*TASK DIRECTIONS*: Show every line below where "schematic" appears.

Dataset records:
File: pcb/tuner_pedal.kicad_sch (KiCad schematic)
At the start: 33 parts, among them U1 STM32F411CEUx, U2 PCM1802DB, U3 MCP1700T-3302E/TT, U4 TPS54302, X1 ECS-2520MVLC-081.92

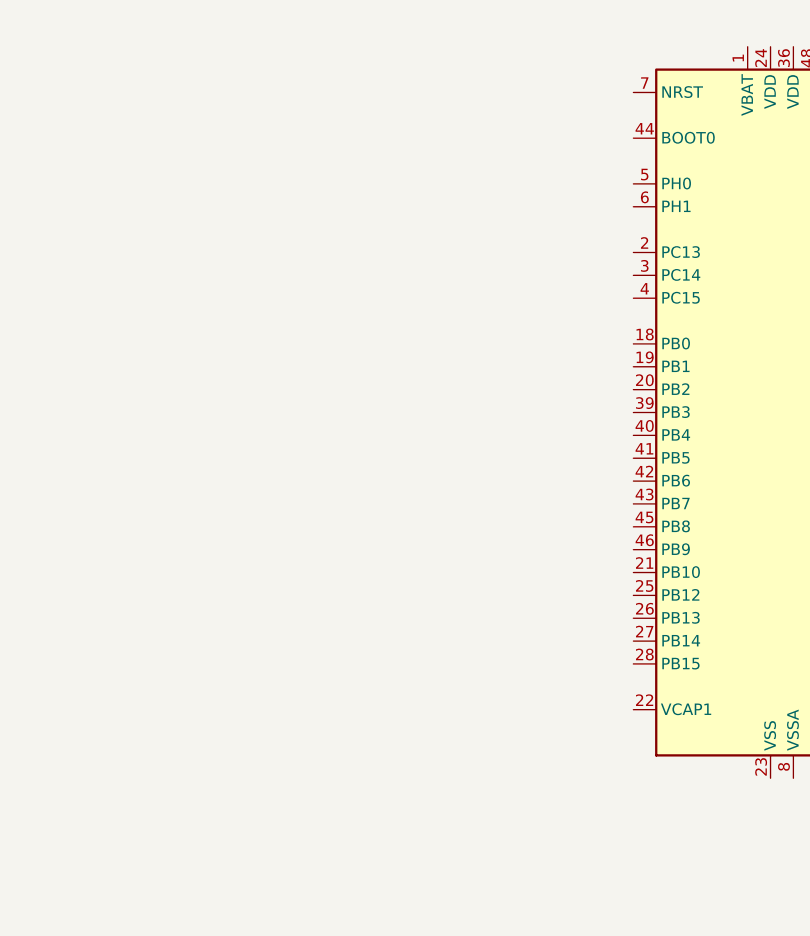
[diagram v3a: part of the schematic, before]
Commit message: Added crystal oscillators to stm32
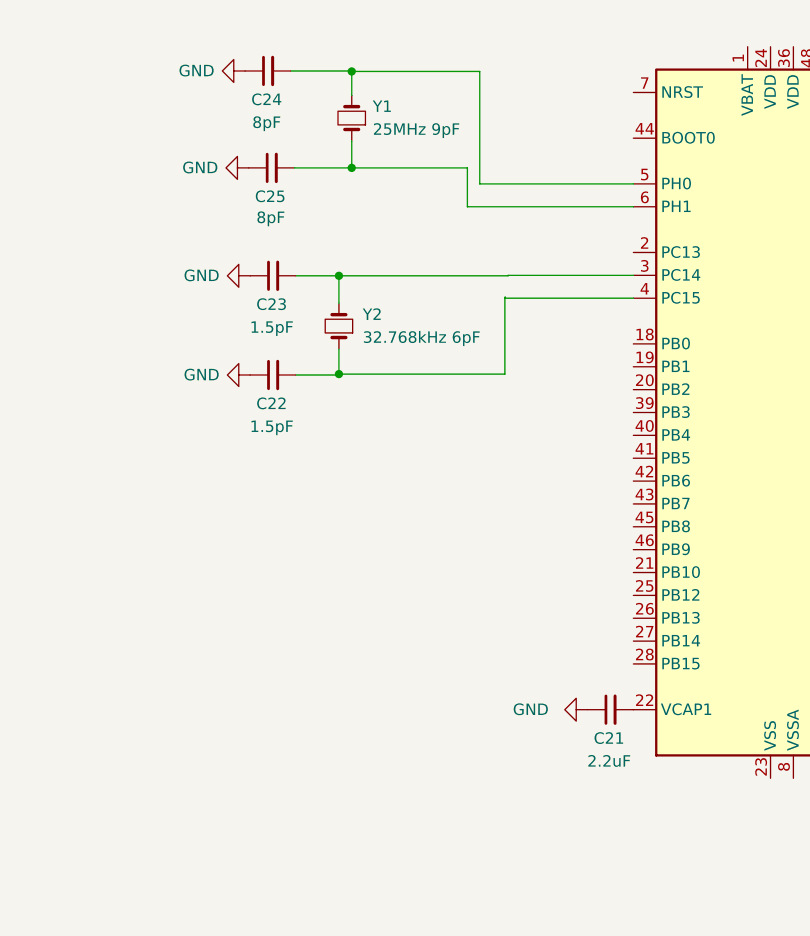
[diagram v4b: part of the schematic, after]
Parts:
- added C21: 2.2uF, symbol Device:C_Small
- added C22, C23: 1.5pF, symbol Device:C_Small
- added C24, C25: 8pF, symbol Device:C_Small
- added Y1: 25MHz 9pF, symbol Device:Crystal_Small
- added Y2: 32.768kHz 6pF, symbol Device:Crystal_Small
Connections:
- net GND: now also C21.1, C22.1, C23.1, C24.1, C25.1
- net at U1.22 (VCAP1): now also C21.2
- net at U1.3 (PC14): now also C23.2, Y2.2
- net at U1.4 (PC15): now also C22.2, Y2.1
- net at U1.5 (PH0): now also C24.2, Y1.2
- net at U1.6 (PH1): now also C25.2, Y1.1

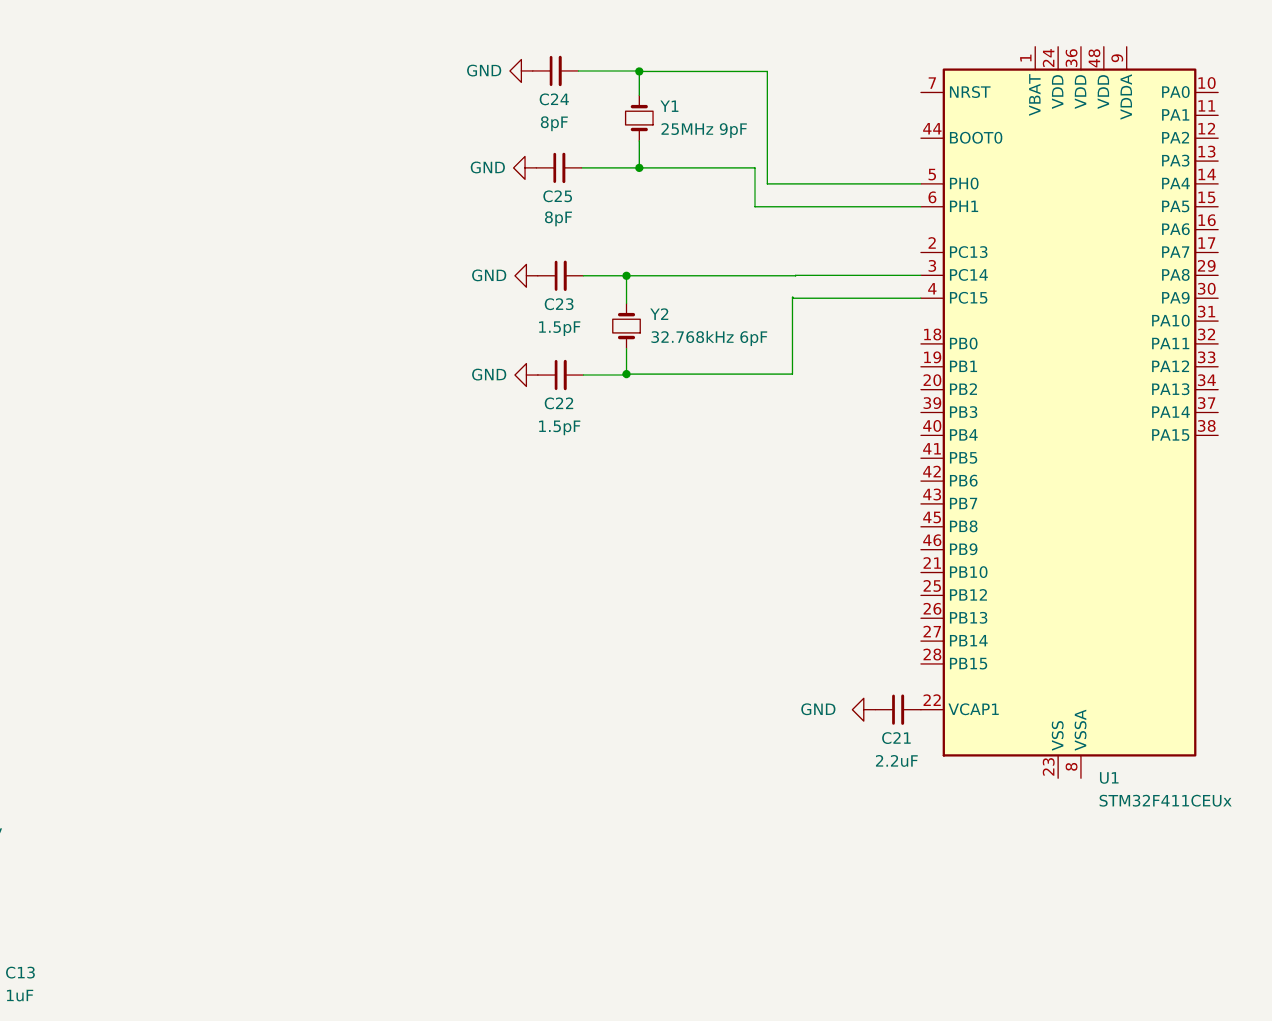
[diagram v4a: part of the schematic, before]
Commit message: Removed RTC crystal
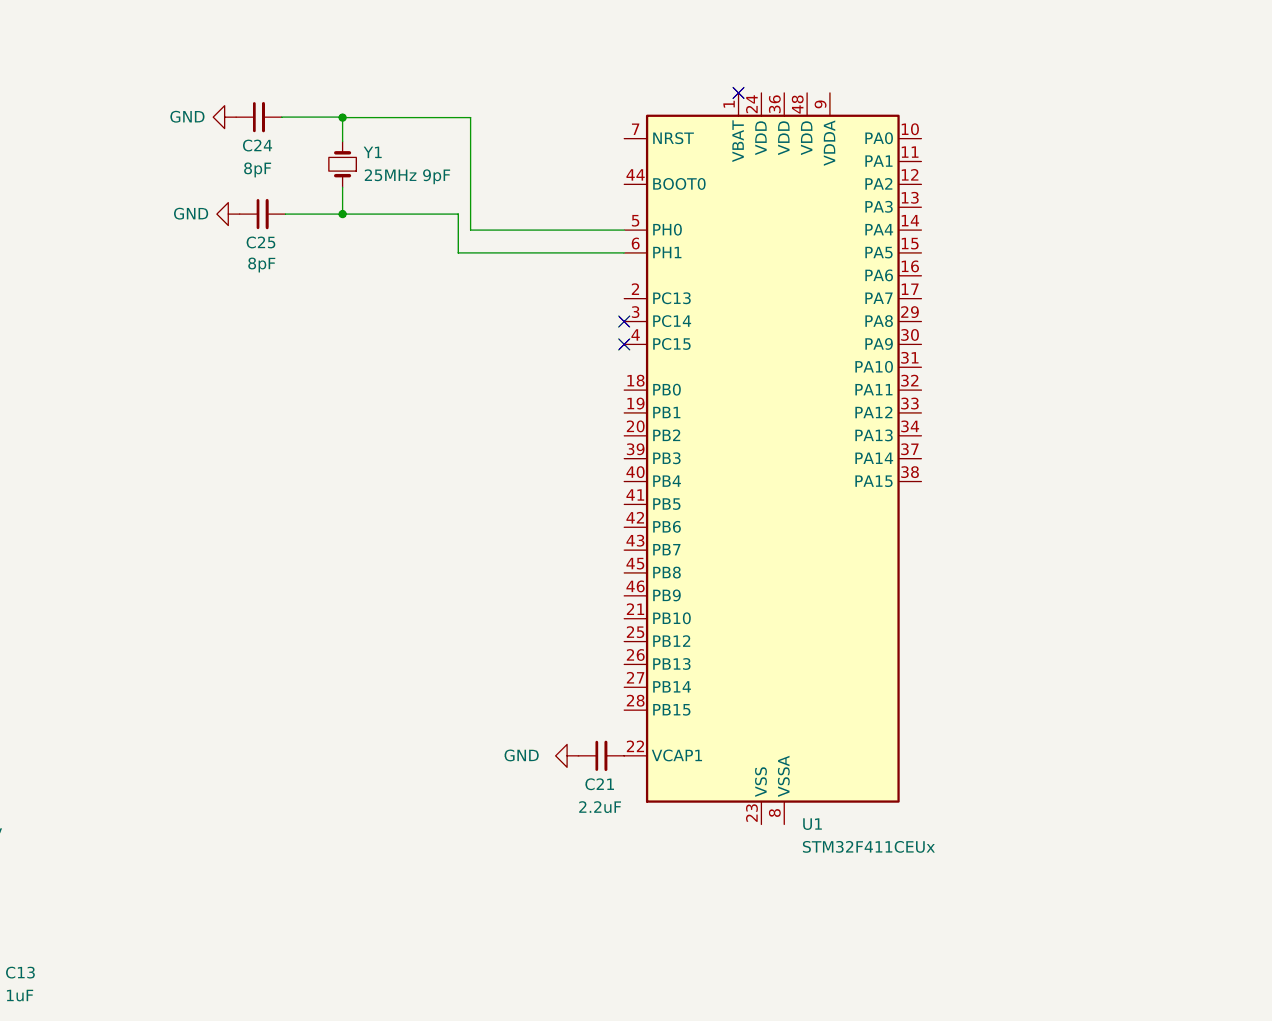
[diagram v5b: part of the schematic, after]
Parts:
- removed C22, C23: 1.5pF, symbol Device:C_Small
- removed Y2: 32.768kHz 6pF, symbol Device:Crystal_Small
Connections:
- no-connect marks 0 -> 3
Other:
- moved on the sheet: C21, C24, C25, U1, Y1

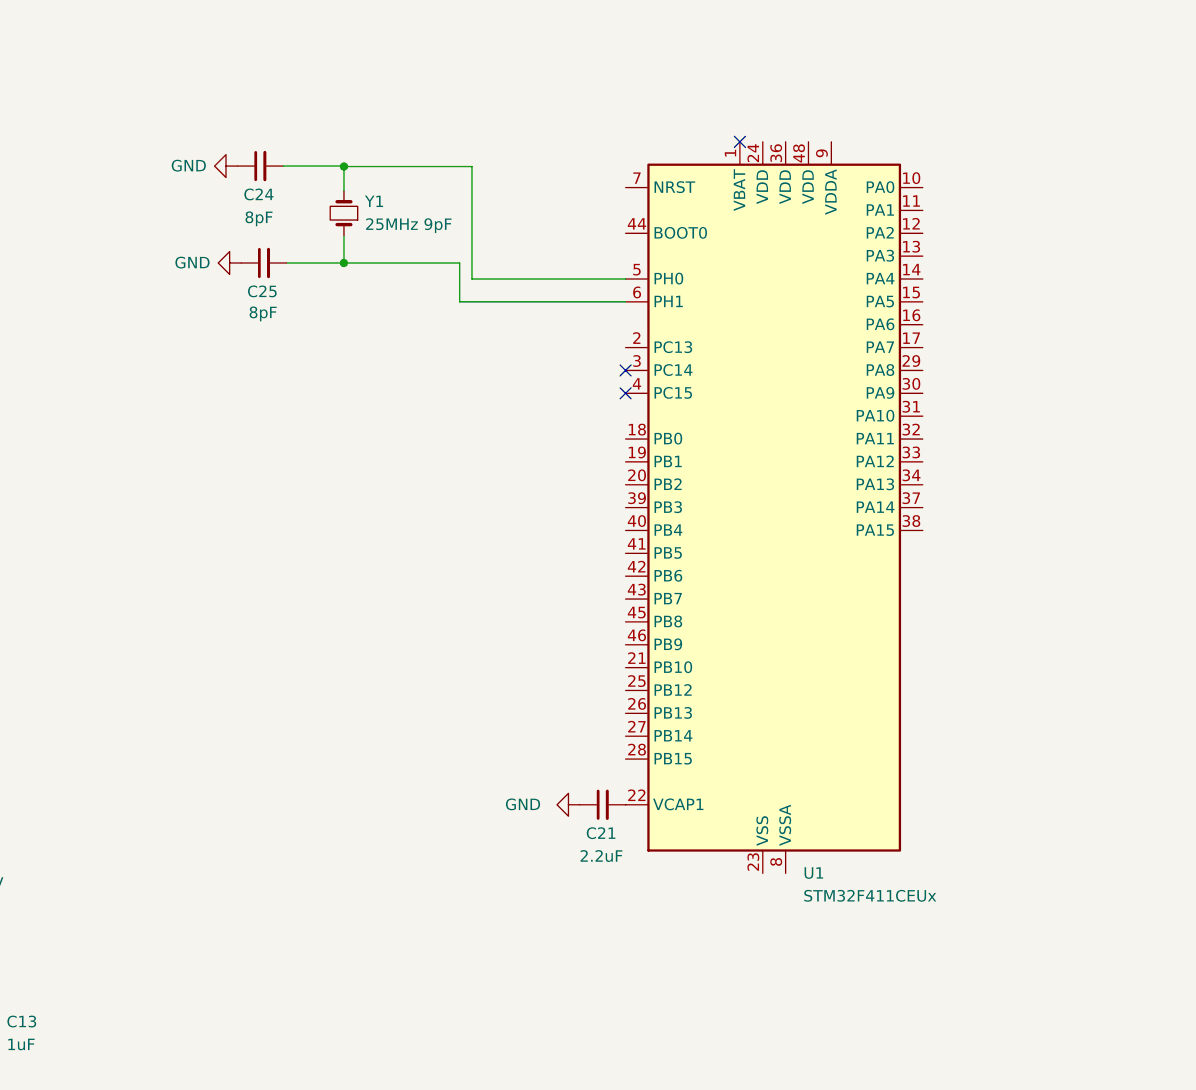
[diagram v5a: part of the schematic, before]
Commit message: Connected stm32 to 3V3
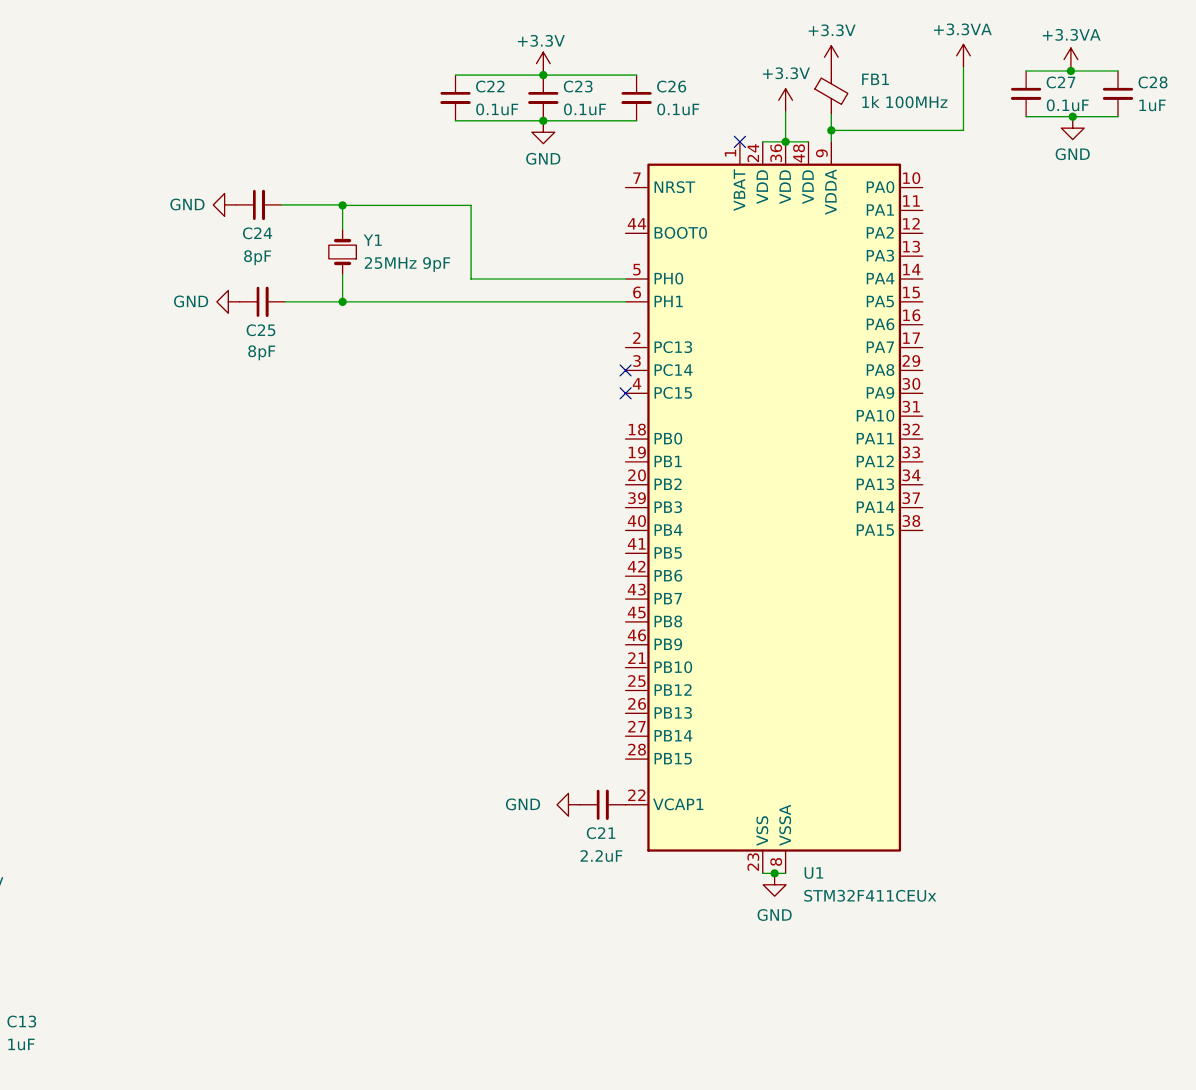
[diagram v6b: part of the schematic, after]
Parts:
- added C22, C23, C26, C27: 0.1uF, symbol Device:C_Small
- added C28: 1uF, symbol Device:C_Small
- added FB1: 1k 100MHz, symbol Device:FerriteBead_Small
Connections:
- net +3.3V: now also U1.24 (VDD), U1.36 (VDD), U1.48 (VDD), C22.1, C23.1, C26.1, FB1.1
- net GND: now also U1.23 (VSS), U1.35 (VSS), U1.47 (VSS), U1.49 (VSS), U1.8 (VSSA), C22.2, C23.2, C26.2, C27.2, C28.2
- net +3.3VA: now reaches U1.9 (VDDA)
- net +3.3VA: now also C27.1, C28.1, FB1.2
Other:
- moved on the sheet: C24, C25, Y1

*SOLVED EXERCISE*:
File: pcb/tuner_pedal.kicad_sch (KiCad schematic)
[diagram v3a: part of the schematic, before]
[diagram v4b: part of the schematic, after]
[diagram v4a: part of the schematic, before]
[diagram v5b: part of the schematic, after]
[diagram v5a: part of the schematic, before]
[diagram v6b: part of the schematic, after]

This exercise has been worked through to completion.